FNC’s Catherine Herridge reports that the FBI and National Counterterrorism Center told lawmakers the Benghazi assault appeared to be an al-Qaeda or al-Qaeda-affiliated attack in a Sept. 13 briefing, contradicting a briefing by CIA Director David Petraeus that took place the next day:
Two days after the deadly Libya terror attack, representatives of the FBI and National Counterterrorism Center gave Capitol Hill briefings in which they said the evidence supported an Al Qaeda or Al Qaeda-affiliated attack, Fox News has learned.
The description of the attack by those in the Sept. 13 briefings stands in stark contrast to the now controversial briefing on Capitol Hill by CIA Director David Petraeus the following day — and raises even more questions about why Petraeus described the attack as tied to a demonstration. …
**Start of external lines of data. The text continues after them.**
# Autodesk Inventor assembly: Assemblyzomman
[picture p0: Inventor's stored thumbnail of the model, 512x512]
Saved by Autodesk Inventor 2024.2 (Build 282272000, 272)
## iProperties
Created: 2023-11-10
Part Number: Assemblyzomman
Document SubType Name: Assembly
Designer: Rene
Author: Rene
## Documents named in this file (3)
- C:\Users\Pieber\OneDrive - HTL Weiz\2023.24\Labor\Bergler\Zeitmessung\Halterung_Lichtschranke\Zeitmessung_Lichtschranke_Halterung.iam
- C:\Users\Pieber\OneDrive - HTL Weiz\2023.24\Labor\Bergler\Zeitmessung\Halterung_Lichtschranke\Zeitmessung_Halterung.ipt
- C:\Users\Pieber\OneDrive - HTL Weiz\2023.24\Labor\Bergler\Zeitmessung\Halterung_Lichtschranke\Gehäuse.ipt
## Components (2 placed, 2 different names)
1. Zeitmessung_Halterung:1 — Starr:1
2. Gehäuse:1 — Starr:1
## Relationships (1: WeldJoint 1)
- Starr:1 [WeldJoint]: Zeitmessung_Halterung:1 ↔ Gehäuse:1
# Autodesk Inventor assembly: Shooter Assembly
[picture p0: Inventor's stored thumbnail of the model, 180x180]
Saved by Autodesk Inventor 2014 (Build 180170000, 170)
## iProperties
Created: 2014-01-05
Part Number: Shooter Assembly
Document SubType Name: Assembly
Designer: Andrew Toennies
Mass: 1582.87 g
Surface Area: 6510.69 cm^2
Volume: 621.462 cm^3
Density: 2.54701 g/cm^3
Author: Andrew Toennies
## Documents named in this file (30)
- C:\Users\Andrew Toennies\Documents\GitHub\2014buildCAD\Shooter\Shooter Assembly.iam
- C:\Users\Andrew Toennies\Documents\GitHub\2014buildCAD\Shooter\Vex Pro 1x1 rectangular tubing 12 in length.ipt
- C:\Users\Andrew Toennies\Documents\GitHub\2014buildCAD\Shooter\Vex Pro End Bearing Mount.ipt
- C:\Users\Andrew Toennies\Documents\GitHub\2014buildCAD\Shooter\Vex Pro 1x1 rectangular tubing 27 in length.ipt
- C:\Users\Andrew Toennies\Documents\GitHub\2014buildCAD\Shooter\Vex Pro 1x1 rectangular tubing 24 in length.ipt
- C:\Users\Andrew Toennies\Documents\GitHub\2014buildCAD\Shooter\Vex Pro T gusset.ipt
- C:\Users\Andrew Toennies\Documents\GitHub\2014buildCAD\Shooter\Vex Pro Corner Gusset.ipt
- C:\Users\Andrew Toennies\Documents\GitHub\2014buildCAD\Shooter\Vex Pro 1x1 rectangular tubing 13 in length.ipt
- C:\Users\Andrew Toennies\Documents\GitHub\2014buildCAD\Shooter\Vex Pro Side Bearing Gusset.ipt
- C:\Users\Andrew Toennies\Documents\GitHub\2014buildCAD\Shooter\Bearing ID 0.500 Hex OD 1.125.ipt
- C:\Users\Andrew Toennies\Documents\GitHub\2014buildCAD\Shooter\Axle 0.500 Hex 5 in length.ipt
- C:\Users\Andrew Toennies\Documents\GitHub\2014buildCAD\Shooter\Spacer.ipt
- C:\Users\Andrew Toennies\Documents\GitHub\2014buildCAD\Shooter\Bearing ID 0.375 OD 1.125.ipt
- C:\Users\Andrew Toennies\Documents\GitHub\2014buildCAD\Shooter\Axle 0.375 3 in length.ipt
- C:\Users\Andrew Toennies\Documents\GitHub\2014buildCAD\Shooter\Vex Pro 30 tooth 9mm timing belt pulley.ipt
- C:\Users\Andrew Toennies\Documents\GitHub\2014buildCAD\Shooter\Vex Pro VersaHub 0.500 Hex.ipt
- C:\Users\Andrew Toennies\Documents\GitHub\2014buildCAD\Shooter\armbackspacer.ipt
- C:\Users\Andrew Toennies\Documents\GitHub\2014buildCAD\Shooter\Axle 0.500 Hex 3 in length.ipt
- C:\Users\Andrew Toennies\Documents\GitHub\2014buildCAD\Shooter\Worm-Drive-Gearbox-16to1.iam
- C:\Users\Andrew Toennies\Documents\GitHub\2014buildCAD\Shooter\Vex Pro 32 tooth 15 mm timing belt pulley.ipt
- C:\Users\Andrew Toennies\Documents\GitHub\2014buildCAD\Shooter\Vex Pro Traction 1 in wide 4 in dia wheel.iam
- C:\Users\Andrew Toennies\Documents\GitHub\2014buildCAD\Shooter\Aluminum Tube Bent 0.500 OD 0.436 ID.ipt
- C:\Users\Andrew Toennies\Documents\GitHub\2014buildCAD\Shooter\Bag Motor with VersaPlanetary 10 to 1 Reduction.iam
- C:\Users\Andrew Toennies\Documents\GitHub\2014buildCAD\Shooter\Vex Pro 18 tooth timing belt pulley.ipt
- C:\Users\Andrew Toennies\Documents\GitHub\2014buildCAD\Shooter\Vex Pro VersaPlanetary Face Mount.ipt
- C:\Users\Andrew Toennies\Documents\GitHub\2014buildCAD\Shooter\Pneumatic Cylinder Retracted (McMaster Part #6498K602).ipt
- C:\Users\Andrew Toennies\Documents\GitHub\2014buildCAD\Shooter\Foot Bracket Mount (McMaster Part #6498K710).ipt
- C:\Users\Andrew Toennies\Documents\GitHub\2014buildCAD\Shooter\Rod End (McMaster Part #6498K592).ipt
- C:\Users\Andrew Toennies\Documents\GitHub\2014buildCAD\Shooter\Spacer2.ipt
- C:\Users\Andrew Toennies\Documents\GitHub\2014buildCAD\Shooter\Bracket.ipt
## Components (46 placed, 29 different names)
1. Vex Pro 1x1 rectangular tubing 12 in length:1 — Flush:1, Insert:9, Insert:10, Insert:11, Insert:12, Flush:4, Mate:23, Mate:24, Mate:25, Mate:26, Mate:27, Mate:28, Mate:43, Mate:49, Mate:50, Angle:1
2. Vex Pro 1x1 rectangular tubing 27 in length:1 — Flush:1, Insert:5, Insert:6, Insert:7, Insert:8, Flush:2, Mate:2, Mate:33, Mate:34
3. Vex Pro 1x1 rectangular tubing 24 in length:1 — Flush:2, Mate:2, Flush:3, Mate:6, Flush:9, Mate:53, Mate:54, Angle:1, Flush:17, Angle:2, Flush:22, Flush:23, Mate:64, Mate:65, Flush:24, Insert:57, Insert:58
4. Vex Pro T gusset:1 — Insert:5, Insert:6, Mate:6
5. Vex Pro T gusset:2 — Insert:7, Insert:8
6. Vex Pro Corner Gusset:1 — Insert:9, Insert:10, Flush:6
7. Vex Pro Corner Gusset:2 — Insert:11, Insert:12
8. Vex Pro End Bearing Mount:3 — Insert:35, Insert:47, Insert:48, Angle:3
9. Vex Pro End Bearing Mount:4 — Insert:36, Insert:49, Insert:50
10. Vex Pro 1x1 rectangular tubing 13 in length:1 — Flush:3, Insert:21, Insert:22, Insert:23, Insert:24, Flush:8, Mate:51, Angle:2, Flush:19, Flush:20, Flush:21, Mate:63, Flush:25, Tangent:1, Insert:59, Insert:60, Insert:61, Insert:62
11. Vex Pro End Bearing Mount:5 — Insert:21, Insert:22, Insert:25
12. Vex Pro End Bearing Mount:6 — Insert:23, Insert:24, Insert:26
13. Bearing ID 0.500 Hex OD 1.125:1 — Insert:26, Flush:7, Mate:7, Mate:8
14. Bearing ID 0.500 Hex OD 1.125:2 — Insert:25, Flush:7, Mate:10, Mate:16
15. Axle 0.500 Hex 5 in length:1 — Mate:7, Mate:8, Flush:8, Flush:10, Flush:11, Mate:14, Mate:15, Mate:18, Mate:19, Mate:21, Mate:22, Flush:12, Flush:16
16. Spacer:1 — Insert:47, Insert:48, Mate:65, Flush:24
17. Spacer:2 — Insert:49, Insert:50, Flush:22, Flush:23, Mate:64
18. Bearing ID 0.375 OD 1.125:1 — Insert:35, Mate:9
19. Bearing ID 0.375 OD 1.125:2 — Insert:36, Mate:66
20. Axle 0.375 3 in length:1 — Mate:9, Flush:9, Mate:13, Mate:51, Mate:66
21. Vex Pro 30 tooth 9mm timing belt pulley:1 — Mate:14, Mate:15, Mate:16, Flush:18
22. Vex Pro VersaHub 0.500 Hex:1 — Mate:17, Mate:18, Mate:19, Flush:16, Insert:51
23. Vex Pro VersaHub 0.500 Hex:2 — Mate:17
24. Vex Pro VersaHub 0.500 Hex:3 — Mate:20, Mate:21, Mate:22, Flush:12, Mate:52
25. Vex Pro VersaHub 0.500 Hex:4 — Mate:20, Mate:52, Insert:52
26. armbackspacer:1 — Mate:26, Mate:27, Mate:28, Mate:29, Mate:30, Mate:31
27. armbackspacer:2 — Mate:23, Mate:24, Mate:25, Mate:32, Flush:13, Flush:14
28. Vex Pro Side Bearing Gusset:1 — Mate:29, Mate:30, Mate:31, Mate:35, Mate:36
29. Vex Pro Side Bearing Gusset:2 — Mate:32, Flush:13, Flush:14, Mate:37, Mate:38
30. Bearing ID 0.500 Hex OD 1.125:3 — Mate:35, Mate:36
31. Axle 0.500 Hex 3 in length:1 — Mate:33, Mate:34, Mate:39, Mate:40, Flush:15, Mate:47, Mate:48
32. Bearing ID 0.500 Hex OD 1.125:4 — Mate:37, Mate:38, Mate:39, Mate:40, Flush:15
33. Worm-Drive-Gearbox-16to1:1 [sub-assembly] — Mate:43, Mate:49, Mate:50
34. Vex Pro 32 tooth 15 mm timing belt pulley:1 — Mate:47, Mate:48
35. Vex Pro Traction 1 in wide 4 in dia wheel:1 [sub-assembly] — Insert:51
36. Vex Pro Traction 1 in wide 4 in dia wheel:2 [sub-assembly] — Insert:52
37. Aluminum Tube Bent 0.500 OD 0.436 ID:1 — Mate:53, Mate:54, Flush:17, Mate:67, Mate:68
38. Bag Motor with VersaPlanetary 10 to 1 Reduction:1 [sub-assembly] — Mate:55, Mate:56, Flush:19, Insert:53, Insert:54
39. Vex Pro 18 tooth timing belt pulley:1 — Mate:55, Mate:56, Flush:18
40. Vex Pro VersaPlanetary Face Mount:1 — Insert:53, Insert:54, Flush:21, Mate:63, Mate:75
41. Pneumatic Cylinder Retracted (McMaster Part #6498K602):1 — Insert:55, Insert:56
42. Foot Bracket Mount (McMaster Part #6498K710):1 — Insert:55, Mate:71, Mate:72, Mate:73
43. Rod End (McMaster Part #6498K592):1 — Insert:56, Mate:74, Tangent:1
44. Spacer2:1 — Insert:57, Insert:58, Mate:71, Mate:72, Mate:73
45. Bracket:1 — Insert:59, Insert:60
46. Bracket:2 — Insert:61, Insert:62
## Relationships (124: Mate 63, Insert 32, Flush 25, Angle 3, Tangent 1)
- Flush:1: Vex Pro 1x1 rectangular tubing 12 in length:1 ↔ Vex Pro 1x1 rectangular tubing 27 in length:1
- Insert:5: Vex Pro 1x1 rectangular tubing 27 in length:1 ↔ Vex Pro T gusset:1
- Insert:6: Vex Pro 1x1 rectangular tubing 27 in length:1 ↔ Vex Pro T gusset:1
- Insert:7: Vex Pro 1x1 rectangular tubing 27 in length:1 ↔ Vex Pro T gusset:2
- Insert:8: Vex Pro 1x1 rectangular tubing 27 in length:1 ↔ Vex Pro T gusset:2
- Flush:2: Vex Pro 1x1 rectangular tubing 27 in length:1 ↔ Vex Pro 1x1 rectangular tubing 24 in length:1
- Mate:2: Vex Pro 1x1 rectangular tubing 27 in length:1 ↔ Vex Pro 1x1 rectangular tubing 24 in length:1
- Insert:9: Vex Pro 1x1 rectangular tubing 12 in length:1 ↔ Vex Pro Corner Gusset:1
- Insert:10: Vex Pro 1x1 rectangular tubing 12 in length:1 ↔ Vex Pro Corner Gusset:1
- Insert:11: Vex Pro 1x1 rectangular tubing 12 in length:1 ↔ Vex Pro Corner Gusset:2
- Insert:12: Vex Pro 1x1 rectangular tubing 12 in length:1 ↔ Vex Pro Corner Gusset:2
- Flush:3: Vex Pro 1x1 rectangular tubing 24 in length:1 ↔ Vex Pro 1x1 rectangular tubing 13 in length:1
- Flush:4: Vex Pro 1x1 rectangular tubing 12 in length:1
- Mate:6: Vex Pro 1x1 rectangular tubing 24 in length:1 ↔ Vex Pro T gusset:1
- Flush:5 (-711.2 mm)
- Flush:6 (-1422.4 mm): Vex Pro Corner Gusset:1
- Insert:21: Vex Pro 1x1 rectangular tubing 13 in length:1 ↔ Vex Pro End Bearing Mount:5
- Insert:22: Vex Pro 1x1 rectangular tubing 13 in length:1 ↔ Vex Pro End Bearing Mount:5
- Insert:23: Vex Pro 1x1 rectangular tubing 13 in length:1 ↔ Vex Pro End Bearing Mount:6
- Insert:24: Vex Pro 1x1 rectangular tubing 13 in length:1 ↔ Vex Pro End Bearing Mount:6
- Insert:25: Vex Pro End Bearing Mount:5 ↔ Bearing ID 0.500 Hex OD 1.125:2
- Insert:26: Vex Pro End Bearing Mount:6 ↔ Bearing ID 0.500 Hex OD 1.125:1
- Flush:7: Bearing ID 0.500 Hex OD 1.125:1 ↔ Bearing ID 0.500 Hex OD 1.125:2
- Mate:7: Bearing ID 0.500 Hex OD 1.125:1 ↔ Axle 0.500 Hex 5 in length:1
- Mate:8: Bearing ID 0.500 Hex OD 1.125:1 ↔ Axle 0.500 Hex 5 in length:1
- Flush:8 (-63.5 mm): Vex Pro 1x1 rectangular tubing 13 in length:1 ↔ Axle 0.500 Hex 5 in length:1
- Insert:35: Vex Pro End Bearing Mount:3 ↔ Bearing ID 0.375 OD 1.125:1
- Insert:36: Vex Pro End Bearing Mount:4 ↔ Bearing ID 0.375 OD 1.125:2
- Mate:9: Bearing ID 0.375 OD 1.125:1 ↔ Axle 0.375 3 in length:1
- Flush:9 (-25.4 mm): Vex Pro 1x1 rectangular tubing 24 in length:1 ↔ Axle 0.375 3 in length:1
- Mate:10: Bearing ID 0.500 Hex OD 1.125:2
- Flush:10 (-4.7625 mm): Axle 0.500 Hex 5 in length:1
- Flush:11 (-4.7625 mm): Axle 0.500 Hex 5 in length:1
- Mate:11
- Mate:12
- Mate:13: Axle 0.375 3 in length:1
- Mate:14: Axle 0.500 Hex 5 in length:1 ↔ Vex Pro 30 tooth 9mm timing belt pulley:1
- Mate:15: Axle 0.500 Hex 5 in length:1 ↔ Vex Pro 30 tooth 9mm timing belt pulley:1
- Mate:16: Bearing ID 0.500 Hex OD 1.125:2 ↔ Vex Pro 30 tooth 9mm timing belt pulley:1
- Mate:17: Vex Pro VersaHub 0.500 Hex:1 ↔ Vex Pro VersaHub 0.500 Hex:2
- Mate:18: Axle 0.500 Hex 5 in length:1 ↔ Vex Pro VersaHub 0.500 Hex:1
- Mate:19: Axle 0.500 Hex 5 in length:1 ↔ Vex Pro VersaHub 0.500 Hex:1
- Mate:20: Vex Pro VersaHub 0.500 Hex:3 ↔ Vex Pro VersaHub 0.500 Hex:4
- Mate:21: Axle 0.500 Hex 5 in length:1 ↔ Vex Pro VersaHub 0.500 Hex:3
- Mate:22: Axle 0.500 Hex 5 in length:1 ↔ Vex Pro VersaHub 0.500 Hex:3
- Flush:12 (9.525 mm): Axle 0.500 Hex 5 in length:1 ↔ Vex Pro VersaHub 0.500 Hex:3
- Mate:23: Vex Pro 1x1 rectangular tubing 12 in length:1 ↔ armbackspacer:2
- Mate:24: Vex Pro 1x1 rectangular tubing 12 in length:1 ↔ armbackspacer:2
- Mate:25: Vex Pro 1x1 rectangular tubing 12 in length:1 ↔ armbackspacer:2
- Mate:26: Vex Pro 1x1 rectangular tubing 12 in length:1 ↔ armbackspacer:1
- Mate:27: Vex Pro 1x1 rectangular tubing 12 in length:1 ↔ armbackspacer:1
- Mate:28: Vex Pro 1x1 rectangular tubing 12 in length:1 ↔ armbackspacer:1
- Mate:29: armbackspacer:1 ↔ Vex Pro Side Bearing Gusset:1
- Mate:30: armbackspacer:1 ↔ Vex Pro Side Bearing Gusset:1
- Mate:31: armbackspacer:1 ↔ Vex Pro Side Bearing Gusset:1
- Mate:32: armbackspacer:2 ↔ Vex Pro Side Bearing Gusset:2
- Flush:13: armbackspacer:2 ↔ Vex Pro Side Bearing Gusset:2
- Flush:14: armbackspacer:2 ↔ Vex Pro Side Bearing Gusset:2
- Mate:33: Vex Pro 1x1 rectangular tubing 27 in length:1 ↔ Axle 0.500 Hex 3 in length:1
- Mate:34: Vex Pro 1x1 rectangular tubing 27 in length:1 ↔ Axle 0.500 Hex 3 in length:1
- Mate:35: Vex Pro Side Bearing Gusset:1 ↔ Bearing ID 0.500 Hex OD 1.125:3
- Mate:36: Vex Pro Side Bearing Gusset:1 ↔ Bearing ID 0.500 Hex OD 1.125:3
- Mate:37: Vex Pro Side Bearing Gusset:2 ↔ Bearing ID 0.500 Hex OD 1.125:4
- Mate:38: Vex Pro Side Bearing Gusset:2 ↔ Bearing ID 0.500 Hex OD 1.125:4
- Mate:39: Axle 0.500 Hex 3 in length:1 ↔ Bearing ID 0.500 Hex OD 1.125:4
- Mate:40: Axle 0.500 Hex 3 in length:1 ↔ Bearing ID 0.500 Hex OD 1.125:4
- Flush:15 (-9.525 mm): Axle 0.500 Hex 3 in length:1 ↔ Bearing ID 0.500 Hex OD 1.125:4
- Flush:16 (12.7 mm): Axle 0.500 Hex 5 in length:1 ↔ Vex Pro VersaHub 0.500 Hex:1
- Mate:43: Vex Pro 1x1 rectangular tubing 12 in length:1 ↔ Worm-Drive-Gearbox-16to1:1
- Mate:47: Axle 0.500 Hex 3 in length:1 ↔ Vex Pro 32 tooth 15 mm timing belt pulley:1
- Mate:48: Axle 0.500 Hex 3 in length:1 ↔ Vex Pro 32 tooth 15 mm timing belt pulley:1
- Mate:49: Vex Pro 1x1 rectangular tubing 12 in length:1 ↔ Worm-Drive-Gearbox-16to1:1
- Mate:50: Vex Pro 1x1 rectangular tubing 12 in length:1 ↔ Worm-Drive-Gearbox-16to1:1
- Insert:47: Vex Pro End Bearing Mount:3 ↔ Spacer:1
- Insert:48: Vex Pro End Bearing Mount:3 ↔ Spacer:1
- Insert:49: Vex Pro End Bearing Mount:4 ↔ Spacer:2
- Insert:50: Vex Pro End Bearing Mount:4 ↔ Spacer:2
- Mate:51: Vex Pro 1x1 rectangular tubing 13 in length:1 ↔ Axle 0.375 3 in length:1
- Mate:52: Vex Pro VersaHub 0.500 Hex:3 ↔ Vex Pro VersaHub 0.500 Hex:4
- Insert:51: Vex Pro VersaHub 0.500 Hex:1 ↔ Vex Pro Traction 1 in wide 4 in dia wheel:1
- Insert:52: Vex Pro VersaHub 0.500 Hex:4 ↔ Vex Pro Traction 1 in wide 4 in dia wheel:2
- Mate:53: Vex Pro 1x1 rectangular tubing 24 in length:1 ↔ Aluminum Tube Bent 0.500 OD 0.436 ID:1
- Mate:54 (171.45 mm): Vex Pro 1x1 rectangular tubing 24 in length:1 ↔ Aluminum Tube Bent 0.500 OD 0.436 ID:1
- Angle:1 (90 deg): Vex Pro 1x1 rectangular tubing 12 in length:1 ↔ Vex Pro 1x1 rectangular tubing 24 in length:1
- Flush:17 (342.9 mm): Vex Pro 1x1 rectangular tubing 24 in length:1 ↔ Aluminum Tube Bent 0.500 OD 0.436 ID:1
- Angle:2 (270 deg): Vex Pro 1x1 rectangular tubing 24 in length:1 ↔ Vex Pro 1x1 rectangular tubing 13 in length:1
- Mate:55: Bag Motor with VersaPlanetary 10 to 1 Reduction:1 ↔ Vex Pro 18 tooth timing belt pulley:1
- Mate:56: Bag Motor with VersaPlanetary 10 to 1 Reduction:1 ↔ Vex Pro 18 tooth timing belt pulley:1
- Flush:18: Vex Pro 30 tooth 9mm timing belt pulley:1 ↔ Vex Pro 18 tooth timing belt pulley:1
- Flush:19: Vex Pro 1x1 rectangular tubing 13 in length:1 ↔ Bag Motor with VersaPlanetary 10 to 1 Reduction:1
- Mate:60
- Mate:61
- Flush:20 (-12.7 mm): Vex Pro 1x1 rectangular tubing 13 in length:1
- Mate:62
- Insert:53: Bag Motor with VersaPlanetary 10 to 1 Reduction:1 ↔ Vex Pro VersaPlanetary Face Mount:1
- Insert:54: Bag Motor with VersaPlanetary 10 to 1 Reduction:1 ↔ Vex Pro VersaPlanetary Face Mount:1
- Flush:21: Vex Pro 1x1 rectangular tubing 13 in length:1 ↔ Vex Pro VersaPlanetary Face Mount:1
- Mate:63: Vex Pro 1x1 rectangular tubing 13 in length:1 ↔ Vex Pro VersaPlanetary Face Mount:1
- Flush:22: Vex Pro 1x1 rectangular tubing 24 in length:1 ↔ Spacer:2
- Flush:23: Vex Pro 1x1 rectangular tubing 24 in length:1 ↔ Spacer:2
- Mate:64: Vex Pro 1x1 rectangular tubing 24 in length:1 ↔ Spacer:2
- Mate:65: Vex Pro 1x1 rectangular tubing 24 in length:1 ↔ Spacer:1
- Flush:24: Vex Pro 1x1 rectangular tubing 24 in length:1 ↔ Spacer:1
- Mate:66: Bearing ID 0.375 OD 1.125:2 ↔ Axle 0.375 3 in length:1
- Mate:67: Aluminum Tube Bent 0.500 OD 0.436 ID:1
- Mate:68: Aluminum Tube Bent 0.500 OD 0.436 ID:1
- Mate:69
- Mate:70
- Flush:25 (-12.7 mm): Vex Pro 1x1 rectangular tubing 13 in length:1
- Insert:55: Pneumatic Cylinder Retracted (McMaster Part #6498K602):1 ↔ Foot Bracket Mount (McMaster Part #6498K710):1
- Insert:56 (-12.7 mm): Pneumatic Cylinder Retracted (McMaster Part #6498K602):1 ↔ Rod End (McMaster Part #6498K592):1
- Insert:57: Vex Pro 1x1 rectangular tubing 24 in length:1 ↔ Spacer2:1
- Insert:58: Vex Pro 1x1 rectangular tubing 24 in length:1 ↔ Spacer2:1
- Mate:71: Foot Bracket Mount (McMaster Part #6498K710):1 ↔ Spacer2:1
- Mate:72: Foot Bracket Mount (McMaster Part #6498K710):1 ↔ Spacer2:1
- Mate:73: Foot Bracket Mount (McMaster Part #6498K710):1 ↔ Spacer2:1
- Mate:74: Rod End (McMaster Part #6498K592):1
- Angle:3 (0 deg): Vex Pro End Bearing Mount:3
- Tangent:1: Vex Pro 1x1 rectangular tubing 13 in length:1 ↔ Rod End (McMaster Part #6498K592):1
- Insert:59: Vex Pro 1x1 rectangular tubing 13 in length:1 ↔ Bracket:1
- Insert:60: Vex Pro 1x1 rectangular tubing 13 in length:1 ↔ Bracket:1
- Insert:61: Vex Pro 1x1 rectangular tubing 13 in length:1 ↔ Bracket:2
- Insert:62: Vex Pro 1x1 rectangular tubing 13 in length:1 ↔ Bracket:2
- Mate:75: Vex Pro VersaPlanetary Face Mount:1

On Capitol Hill, Petraeus characterized the attack as more consistent with a flash mob, where the militants showed up spontaneously with RPGs. Petraeus downplayed to lawmakers the skill needed to fire mortars, which also were used in the attack and to some were seen as evidence of significant pre-planning. …
Fox News is told that Petraeus was “absolute” in his description with few, if any, caveats. As lawmakers learned more about the attack, including through raw intelligence reports, they were “angry, disappointed and frustrated” that the CIA director had not provided a more complete picture of the available intelligence.
Without seeing a transcript, it’s hard to know exactly how absolute Petraeus’s description was, though FNC reports he “seemed wedded” to the spontaneous demonstration narrative.
NCTC director Matthew Olsen was the first administration official to call it a terrorist attack in a Sept. 19 congressional hearing, which makes sense if his office had told lawmakers about al-Qaeda evidence in an earlier briefing. But if the NCTC had evidence of al-Qaeda involvement from the beginning, why did the Office of the Director of National Intelligence say its initial assessment was that the attack was a spontaneous response to the protests? The NCTC reports to the Office of the Director of National Intelligence, as well as directly to the president. It’s hard to imagine this information wouldn’t have made it up either line, especially since the whole point of the NCTC is to act as a hub to integrate intelligence from across multiple agencies.
This is also a key addition to the timeline: The FBI and the NCTC believed al-Qaeda or affiliates were linked to it as early as Sept. 13. Yet not a single administration official even publicly called it a “terrorist attack” until over a week later — and the White House didn’t call it that until September 26, via Jay Carney.
The silence on this story from the vast majority of the political media is deafening. It’s like they’re trying to marginalize it as a manufactured controversy, or at least deprive it of enough oxygen so that it fades before the election. It’s similar to what happened with the Fast and Furious and Solyndra scandals, both of which were broken by the Center for Public Integrity, hardly a conservative outlet. These stories never got the attention they deserved from the press, and they’re only kept alive by conservative reporters, a few serious mainstream journalists, and congressional Republicans. The Benghazi attack is more consequential, and more difficult for the press to ignore, but it looks like it’s getting the similar treatment.